- Description of the task
A picture-free, exact reproduction of the listing that follows is required.

- Data listing
—————

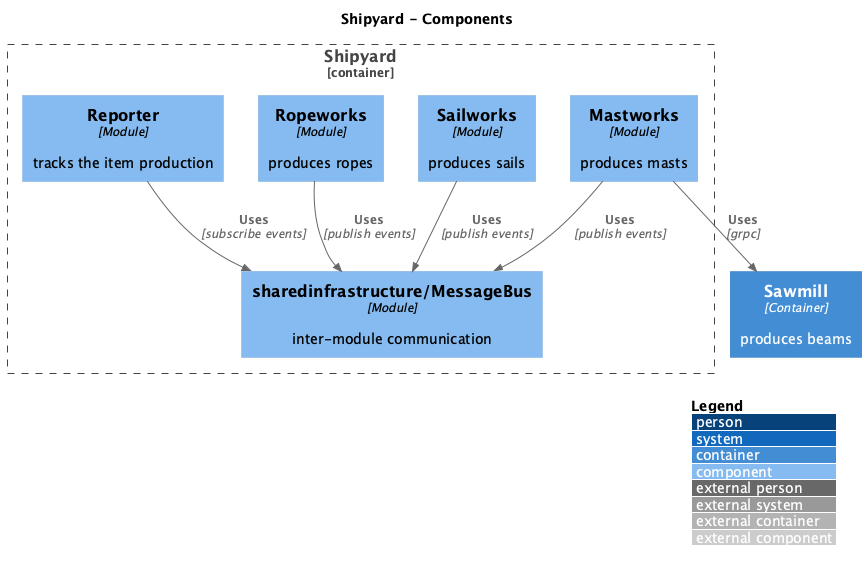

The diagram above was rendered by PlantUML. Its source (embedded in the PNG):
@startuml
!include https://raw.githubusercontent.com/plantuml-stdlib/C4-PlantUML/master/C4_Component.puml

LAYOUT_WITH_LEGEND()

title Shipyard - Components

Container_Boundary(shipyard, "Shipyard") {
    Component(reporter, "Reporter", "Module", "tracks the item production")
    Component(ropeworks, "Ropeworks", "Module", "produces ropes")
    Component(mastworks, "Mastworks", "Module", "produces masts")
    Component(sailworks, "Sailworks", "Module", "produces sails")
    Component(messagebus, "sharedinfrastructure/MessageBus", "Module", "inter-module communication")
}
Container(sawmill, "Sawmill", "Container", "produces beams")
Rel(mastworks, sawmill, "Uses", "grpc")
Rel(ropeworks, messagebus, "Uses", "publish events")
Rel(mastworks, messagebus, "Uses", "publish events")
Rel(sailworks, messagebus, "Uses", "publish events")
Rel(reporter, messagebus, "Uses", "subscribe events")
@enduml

—————

- Answer to the problem
The diagram above was rendered by PlantUML. Its source (embedded in the PNG):
@startuml
!include https://raw.githubusercontent.com/plantuml-stdlib/C4-PlantUML/master/C4_Component.puml

LAYOUT_WITH_LEGEND()

title Shipyard - Components

Container_Boundary(shipyard, "Shipyard") {
    Component(reporter, "Reporter", "Module", "tracks the item production")
    Component(ropeworks, "Ropeworks", "Module", "produces ropes")
    Component(mastworks, "Mastworks", "Module", "produces masts")
    Component(sailworks, "Sailworks", "Module", "produces sails")
    Component(messagebus, "sharedinfrastructure/MessageBus", "Module", "inter-module communication")
}
Container(sawmill, "Sawmill", "Container", "produces beams")
Rel(mastworks, sawmill, "Uses", "grpc")
Rel(ropeworks, messagebus, "Uses", "publish events")
Rel(mastworks, messagebus, "Uses", "publish events")
Rel(sailworks, messagebus, "Uses", "publish events")
Rel(reporter, messagebus, "Uses", "subscribe events")
@enduml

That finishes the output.